Items listed in a dataset:
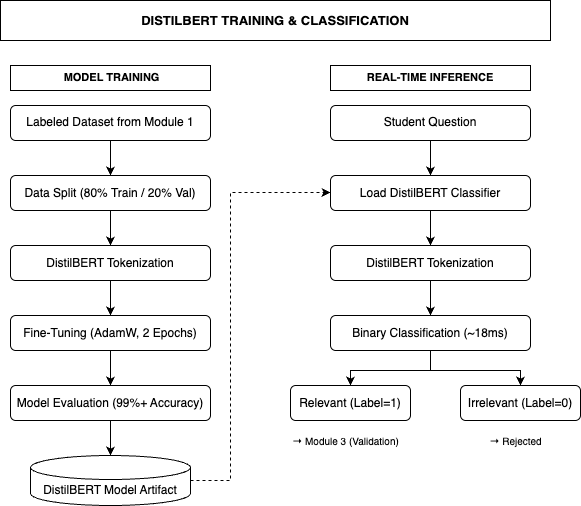

The diagram above was exported from draw.io. Its source (the exported page's mxGraphModel, read from the mxfile embedded in the PNG):
<mxGraphModel dx="954" dy="593" grid="1" gridSize="10" guides="1" tooltips="1" connect="1" arrows="1" fold="1" page="1" pageScale="1" pageWidth="850" pageHeight="1100" math="0" shadow="0">
  <root>
    <mxCell id="0" />
    <mxCell id="1" parent="0" />
    <mxCell id="title" value="DISTILBERT TRAINING &amp;amp; CLASSIFICATION" style="rounded=0;whiteSpace=wrap;html=1;fontStyle=1;fontSize=13;" parent="1" vertex="1">
      <mxGeometry x="150" y="20" width="550" height="40" as="geometry" />
    </mxCell>
    <mxCell id="sub1" value="&amp;nbsp;MODEL TRAINING" style="rounded=0;whiteSpace=wrap;html=1;fontStyle=1;fontSize=11;" vertex="1" parent="1">
      <mxGeometry x="160" y="85" width="200" height="25" as="geometry" />
    </mxCell>
    <mxCell id="sub2" value="REAL-TIME INFERENCE" style="rounded=0;whiteSpace=wrap;html=1;fontStyle=1;fontSize=11;" vertex="1" parent="1">
      <mxGeometry x="480" y="85" width="200" height="25" as="geometry" />
    </mxCell>
    <mxCell id="a1" value="Labeled Dataset from Module 1" style="rounded=1;whiteSpace=wrap;html=1;" parent="1" vertex="1">
      <mxGeometry x="160" y="125" width="200" height="35" as="geometry" />
    </mxCell>
    <mxCell id="a2" value="Data Split (80% Train / 20% Val)" style="rounded=1;whiteSpace=wrap;html=1;" parent="1" vertex="1">
      <mxGeometry x="160" y="195" width="200" height="35" as="geometry" />
    </mxCell>
    <mxCell id="a3" value="DistilBERT Tokenization" style="rounded=1;whiteSpace=wrap;html=1;" parent="1" vertex="1">
      <mxGeometry x="160" y="265" width="200" height="35" as="geometry" />
    </mxCell>
    <mxCell id="a4" value="Fine-Tuning (AdamW, 2 Epochs)" style="rounded=1;whiteSpace=wrap;html=1;" parent="1" vertex="1">
      <mxGeometry x="160" y="335" width="200" height="35" as="geometry" />
    </mxCell>
    <mxCell id="a5" value="Model Evaluation (99%+ Accuracy)" style="rounded=1;whiteSpace=wrap;html=1;" parent="1" vertex="1">
      <mxGeometry x="160" y="405" width="200" height="35" as="geometry" />
    </mxCell>
    <mxCell id="a6" value="DistilBERT Model Artifact" style="shape=cylinder3;whiteSpace=wrap;html=1;boundedLbl=1;backgroundOutline=1;size=12;" vertex="1" parent="1">
      <mxGeometry x="180" y="475" width="160" height="50" as="geometry" />
    </mxCell>
    <mxCell id="aa1" style="edgeStyle=orthogonalEdgeStyle;rounded=0;orthogonalLoop=1;jettySize=auto;html=1;" parent="1" source="a1" target="a2" edge="1">
      <mxGeometry relative="1" as="geometry" />
    </mxCell>
    <mxCell id="aa2" style="edgeStyle=orthogonalEdgeStyle;rounded=0;orthogonalLoop=1;jettySize=auto;html=1;" parent="1" source="a2" target="a3" edge="1">
      <mxGeometry relative="1" as="geometry" />
    </mxCell>
    <mxCell id="aa3" style="edgeStyle=orthogonalEdgeStyle;rounded=0;orthogonalLoop=1;jettySize=auto;html=1;" parent="1" source="a3" target="a4" edge="1">
      <mxGeometry relative="1" as="geometry" />
    </mxCell>
    <mxCell id="aa4" style="edgeStyle=orthogonalEdgeStyle;rounded=0;orthogonalLoop=1;jettySize=auto;html=1;" parent="1" source="a4" target="a5" edge="1">
      <mxGeometry relative="1" as="geometry" />
    </mxCell>
    <mxCell id="aa5" style="edgeStyle=orthogonalEdgeStyle;rounded=0;orthogonalLoop=1;jettySize=auto;html=1;" edge="1" parent="1" source="a5" target="a6">
      <mxGeometry relative="1" as="geometry" />
    </mxCell>
    <mxCell id="b1" value="Student Question" style="rounded=1;whiteSpace=wrap;html=1;" parent="1" vertex="1">
      <mxGeometry x="480" y="125" width="200" height="35" as="geometry" />
    </mxCell>
    <mxCell id="b2" value="Load DistilBERT Classifier" style="rounded=1;whiteSpace=wrap;html=1;" parent="1" vertex="1">
      <mxGeometry x="480" y="195" width="200" height="35" as="geometry" />
    </mxCell>
    <mxCell id="b3" value="DistilBERT Tokenization" style="rounded=1;whiteSpace=wrap;html=1;" parent="1" vertex="1">
      <mxGeometry x="480" y="265" width="200" height="35" as="geometry" />
    </mxCell>
    <mxCell id="b4" value="Binary Classification (~18ms)" style="rounded=1;whiteSpace=wrap;html=1;" parent="1" vertex="1">
      <mxGeometry x="480" y="335" width="200" height="35" as="geometry" />
    </mxCell>
    <mxCell id="b5a" value="Relevant (Label=1)" style="rounded=1;whiteSpace=wrap;html=1;" vertex="1" parent="1">
      <mxGeometry x="440" y="405" width="120" height="35" as="geometry" />
    </mxCell>
    <mxCell id="b5b" value="Irrelevant (Label=0)" style="rounded=1;whiteSpace=wrap;html=1;" vertex="1" parent="1">
      <mxGeometry x="610" y="405" width="120" height="35" as="geometry" />
    </mxCell>
    <mxCell id="b5a_dest" value="→ Module 3 (Validation)" style="text;html=1;align=center;verticalAlign=middle;resizable=0;points=[];autosize=1;fontSize=10;" vertex="1" parent="1">
      <mxGeometry x="430" y="445" width="130" height="30" as="geometry" />
    </mxCell>
    <mxCell id="b5b_dest" value="→ Rejected" style="text;html=1;align=center;verticalAlign=middle;resizable=0;points=[];autosize=1;fontSize=10;" vertex="1" parent="1">
      <mxGeometry x="630" y="445" width="70" height="30" as="geometry" />
    </mxCell>
    <mxCell id="ba1" style="edgeStyle=orthogonalEdgeStyle;rounded=0;orthogonalLoop=1;jettySize=auto;html=1;" parent="1" source="b1" target="b2" edge="1">
      <mxGeometry relative="1" as="geometry" />
    </mxCell>
    <mxCell id="ba2" style="edgeStyle=orthogonalEdgeStyle;rounded=0;orthogonalLoop=1;jettySize=auto;html=1;" parent="1" source="b2" target="b3" edge="1">
      <mxGeometry relative="1" as="geometry" />
    </mxCell>
    <mxCell id="ba3" style="edgeStyle=orthogonalEdgeStyle;rounded=0;orthogonalLoop=1;jettySize=auto;html=1;" parent="1" source="b3" target="b4" edge="1">
      <mxGeometry relative="1" as="geometry" />
    </mxCell>
    <mxCell id="ba4" style="edgeStyle=orthogonalEdgeStyle;rounded=0;orthogonalLoop=1;jettySize=auto;html=1;" parent="1" source="b4" target="b5a" edge="1">
      <mxGeometry relative="1" as="geometry" />
    </mxCell>
    <mxCell id="ba5" style="edgeStyle=orthogonalEdgeStyle;rounded=0;orthogonalLoop=1;jettySize=auto;html=1;" parent="1" source="b4" target="b5b" edge="1">
      <mxGeometry relative="1" as="geometry" />
    </mxCell>
    <mxCell id="cross" style="edgeStyle=orthogonalEdgeStyle;rounded=0;orthogonalLoop=1;jettySize=auto;html=1;dashed=1;" edge="1" parent="1" source="a6" target="b2">
      <mxGeometry relative="1" as="geometry">
        <Array as="points">
          <mxPoint x="380" y="500" />
          <mxPoint x="380" y="212" />
        </Array>
      </mxGeometry>
    </mxCell>
  </root>
</mxGraphModel>

[Your objective]
Gather and copy every line of the data in which the string "verticalAlign" is found.

[Solution to this task]
    <mxCell id="b5a_dest" value="→ Module 3 (Validation)" style="text;html=1;align=center;verticalAlign=middle;resizable=0;points=[];autosize=1;fontSize=10;" vertex="1" parent="1">
    <mxCell id="b5b_dest" value="→ Rejected" style="text;html=1;align=center;verticalAlign=middle;resizable=0;points=[];autosize=1;fontSize=10;" vertex="1" parent="1">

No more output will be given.